> Extracted material:
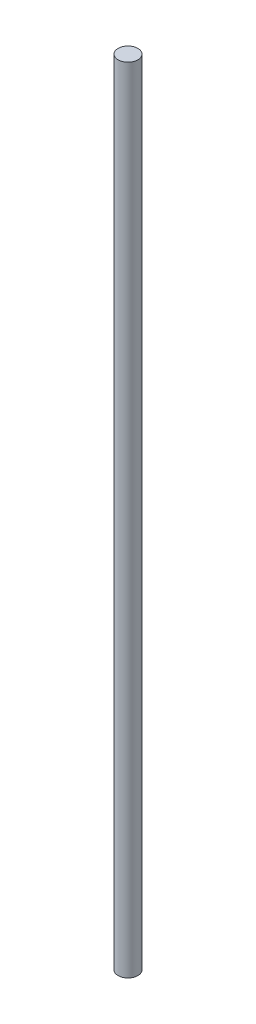
ISO-10303-21;
HEADER;
FILE_DESCRIPTION(('STEP AP214'),'2;1');
FILE_NAME('part.step','',(''),(''),'','','');
FILE_SCHEMA(('AUTOMOTIVE_DESIGN { 1 0 10303 214 1 1 1 1 }'));
ENDSEC;
DATA;
#1=APPLICATION_CONTEXT('core data for automotive mechanical design processes');
#2=APPLICATION_PROTOCOL_DEFINITION('international standard','automotive_design',2000,#1);
#3=PRODUCT_CONTEXT('',#1,'mechanical');
#4=PRODUCT('Part','Part','',(#3));
#5=PRODUCT_RELATED_PRODUCT_CATEGORY('part','',(#4));
#6=PRODUCT_DEFINITION_FORMATION('','',#4);
#7=PRODUCT_DEFINITION_CONTEXT('part definition',#1,'design');
#8=PRODUCT_DEFINITION('design','',#6,#7);
#9=PRODUCT_DEFINITION_SHAPE('','',#8);
#10=(LENGTH_UNIT() NAMED_UNIT(*) SI_UNIT(.MILLI.,.METRE.));
#11=(NAMED_UNIT(*) PLANE_ANGLE_UNIT() SI_UNIT($,.RADIAN.));
#12=(NAMED_UNIT(*) SI_UNIT($,.STERADIAN.) SOLID_ANGLE_UNIT());
#13=UNCERTAINTY_MEASURE_WITH_UNIT(LENGTH_MEASURE(1.E-05),#10,'distance_accuracy_value','');
#14=(GEOMETRIC_REPRESENTATION_CONTEXT(3) GLOBAL_UNCERTAINTY_ASSIGNED_CONTEXT((#13)) GLOBAL_UNIT_ASSIGNED_CONTEXT((#10,
#11,#12)) REPRESENTATION_CONTEXT('',''));
#15=CARTESIAN_POINT('',(0.,0.,0.));
#16=DIRECTION('',(0.,0.,1.));
#17=DIRECTION('',(1.,0.,0.));
#18=AXIS2_PLACEMENT_3D('',#15,#16,#17);
#19=CARTESIAN_POINT('',(0.,200.,0.));
#20=DIRECTION('',(0.,-1.,0.));
#21=DIRECTION('',(0.,0.,-1.));
#22=AXIS2_PLACEMENT_3D('',#19,#20,#21);
#23=CYLINDRICAL_SURFACE('',#22,5.);
#24=CARTESIAN_POINT('',(0.,200.,0.));
#25=DIRECTION('',(0.,1.,0.));
#26=DIRECTION('',(0.,0.,1.));
#27=AXIS2_PLACEMENT_3D('',#24,#25,#26);
#28=CIRCLE('',#27,5.);
#29=CARTESIAN_POINT('',(0.,200.,5.));
#30=VERTEX_POINT('',#29);
#31=EDGE_CURVE('E10',#30,#30,#28,.T.);
#32=ORIENTED_EDGE('',*,*,#31,.F.);
#33=EDGE_LOOP('',(#32));
#34=FACE_BOUND('',#33,.T.);
#35=CARTESIAN_POINT('',(0.,-200.,0.));
#36=DIRECTION('',(0.,1.,0.));
#37=DIRECTION('',(0.,0.,1.));
#38=AXIS2_PLACEMENT_3D('',#35,#36,#37);
#39=CIRCLE('',#38,5.);
#40=CARTESIAN_POINT('',(0.,-200.,5.));
#41=VERTEX_POINT('',#40);
#42=EDGE_CURVE('E44',#41,#41,#39,.T.);
#43=ORIENTED_EDGE('',*,*,#42,.T.);
#44=EDGE_LOOP('',(#43));
#45=FACE_BOUND('',#44,.T.);
#46=ADVANCED_FACE('F41',(#34,#45),#23,.T.);
#47=CARTESIAN_POINT('',(0.,200.,0.));
#48=DIRECTION('',(0.,1.,0.));
#49=DIRECTION('',(0.,0.,1.));
#50=AXIS2_PLACEMENT_3D('',#47,#48,#49);
#51=PLANE('',#50);
#52=ORIENTED_EDGE('',*,*,#31,.T.);
#53=EDGE_LOOP('',(#52));
#54=FACE_BOUND('',#53,.T.);
#55=ADVANCED_FACE('F56',(#54),#51,.T.);
#56=CARTESIAN_POINT('',(0.,-200.,0.));
#57=DIRECTION('',(0.,1.,0.));
#58=DIRECTION('',(0.,0.,1.));
#59=AXIS2_PLACEMENT_3D('',#56,#57,#58);
#60=PLANE('',#59);
#61=ORIENTED_EDGE('',*,*,#42,.F.);
#62=EDGE_LOOP('',(#61));
#63=FACE_BOUND('',#62,.T.);
#64=ADVANCED_FACE('F54',(#63),#60,.F.);
#65=CLOSED_SHELL('',(#46,#55,#64));
#66=MANIFOLD_SOLID_BREP('B2',#65);
#67=ADVANCED_BREP_SHAPE_REPRESENTATION('',(#18,#66),#14);
#68=SHAPE_DEFINITION_REPRESENTATION(#9,#67);
ENDSEC;
END-ISO-10303-21;

> Problem to solve:
Transcribe the records verbatim, excluding pictures.

> Problem solution:
ISO-10303-21;
HEADER;
FILE_DESCRIPTION(('STEP AP214'),'2;1');
FILE_NAME('part.step','',(''),(''),'','','');
FILE_SCHEMA(('AUTOMOTIVE_DESIGN { 1 0 10303 214 1 1 1 1 }'));
ENDSEC;
DATA;
#1=APPLICATION_CONTEXT('core data for automotive mechanical design processes');
#2=APPLICATION_PROTOCOL_DEFINITION('international standard','automotive_design',2000,#1);
#3=PRODUCT_CONTEXT('',#1,'mechanical');
#4=PRODUCT('Part','Part','',(#3));
#5=PRODUCT_RELATED_PRODUCT_CATEGORY('part','',(#4));
#6=PRODUCT_DEFINITION_FORMATION('','',#4);
#7=PRODUCT_DEFINITION_CONTEXT('part definition',#1,'design');
#8=PRODUCT_DEFINITION('design','',#6,#7);
#9=PRODUCT_DEFINITION_SHAPE('','',#8);
#10=(LENGTH_UNIT() NAMED_UNIT(*) SI_UNIT(.MILLI.,.METRE.));
#11=(NAMED_UNIT(*) PLANE_ANGLE_UNIT() SI_UNIT($,.RADIAN.));
#12=(NAMED_UNIT(*) SI_UNIT($,.STERADIAN.) SOLID_ANGLE_UNIT());
#13=UNCERTAINTY_MEASURE_WITH_UNIT(LENGTH_MEASURE(1.E-05),#10,'distance_accuracy_value','');
#14=(GEOMETRIC_REPRESENTATION_CONTEXT(3) GLOBAL_UNCERTAINTY_ASSIGNED_CONTEXT((#13)) GLOBAL_UNIT_ASSIGNED_CONTEXT((#10,
#11,#12)) REPRESENTATION_CONTEXT('',''));
#15=CARTESIAN_POINT('',(0.,0.,0.));
#16=DIRECTION('',(0.,0.,1.));
#17=DIRECTION('',(1.,0.,0.));
#18=AXIS2_PLACEMENT_3D('',#15,#16,#17);
#19=CARTESIAN_POINT('',(0.,200.,0.));
#20=DIRECTION('',(0.,-1.,0.));
#21=DIRECTION('',(0.,0.,-1.));
#22=AXIS2_PLACEMENT_3D('',#19,#20,#21);
#23=CYLINDRICAL_SURFACE('',#22,5.);
#24=CARTESIAN_POINT('',(0.,200.,0.));
#25=DIRECTION('',(0.,1.,0.));
#26=DIRECTION('',(0.,0.,1.));
#27=AXIS2_PLACEMENT_3D('',#24,#25,#26);
#28=CIRCLE('',#27,5.);
#29=CARTESIAN_POINT('',(0.,200.,5.));
#30=VERTEX_POINT('',#29);
#31=EDGE_CURVE('E10',#30,#30,#28,.T.);
#32=ORIENTED_EDGE('',*,*,#31,.F.);
#33=EDGE_LOOP('',(#32));
#34=FACE_BOUND('',#33,.T.);
#35=CARTESIAN_POINT('',(0.,-200.,0.));
#36=DIRECTION('',(0.,1.,0.));
#37=DIRECTION('',(0.,0.,1.));
#38=AXIS2_PLACEMENT_3D('',#35,#36,#37);
#39=CIRCLE('',#38,5.);
#40=CARTESIAN_POINT('',(0.,-200.,5.));
#41=VERTEX_POINT('',#40);
#42=EDGE_CURVE('E44',#41,#41,#39,.T.);
#43=ORIENTED_EDGE('',*,*,#42,.T.);
#44=EDGE_LOOP('',(#43));
#45=FACE_BOUND('',#44,.T.);
#46=ADVANCED_FACE('F41',(#34,#45),#23,.T.);
#47=CARTESIAN_POINT('',(0.,200.,0.));
#48=DIRECTION('',(0.,1.,0.));
#49=DIRECTION('',(0.,0.,1.));
#50=AXIS2_PLACEMENT_3D('',#47,#48,#49);
#51=PLANE('',#50);
#52=ORIENTED_EDGE('',*,*,#31,.T.);
#53=EDGE_LOOP('',(#52));
#54=FACE_BOUND('',#53,.T.);
#55=ADVANCED_FACE('F56',(#54),#51,.T.);
#56=CARTESIAN_POINT('',(0.,-200.,0.));
#57=DIRECTION('',(0.,1.,0.));
#58=DIRECTION('',(0.,0.,1.));
#59=AXIS2_PLACEMENT_3D('',#56,#57,#58);
#60=PLANE('',#59);
#61=ORIENTED_EDGE('',*,*,#42,.F.);
#62=EDGE_LOOP('',(#61));
#63=FACE_BOUND('',#62,.T.);
#64=ADVANCED_FACE('F54',(#63),#60,.F.);
#65=CLOSED_SHELL('',(#46,#55,#64));
#66=MANIFOLD_SOLID_BREP('B2',#65);
#67=ADVANCED_BREP_SHAPE_REPRESENTATION('',(#18,#66),#14);
#68=SHAPE_DEFINITION_REPRESENTATION(#9,#67);
ENDSEC;
END-ISO-10303-21;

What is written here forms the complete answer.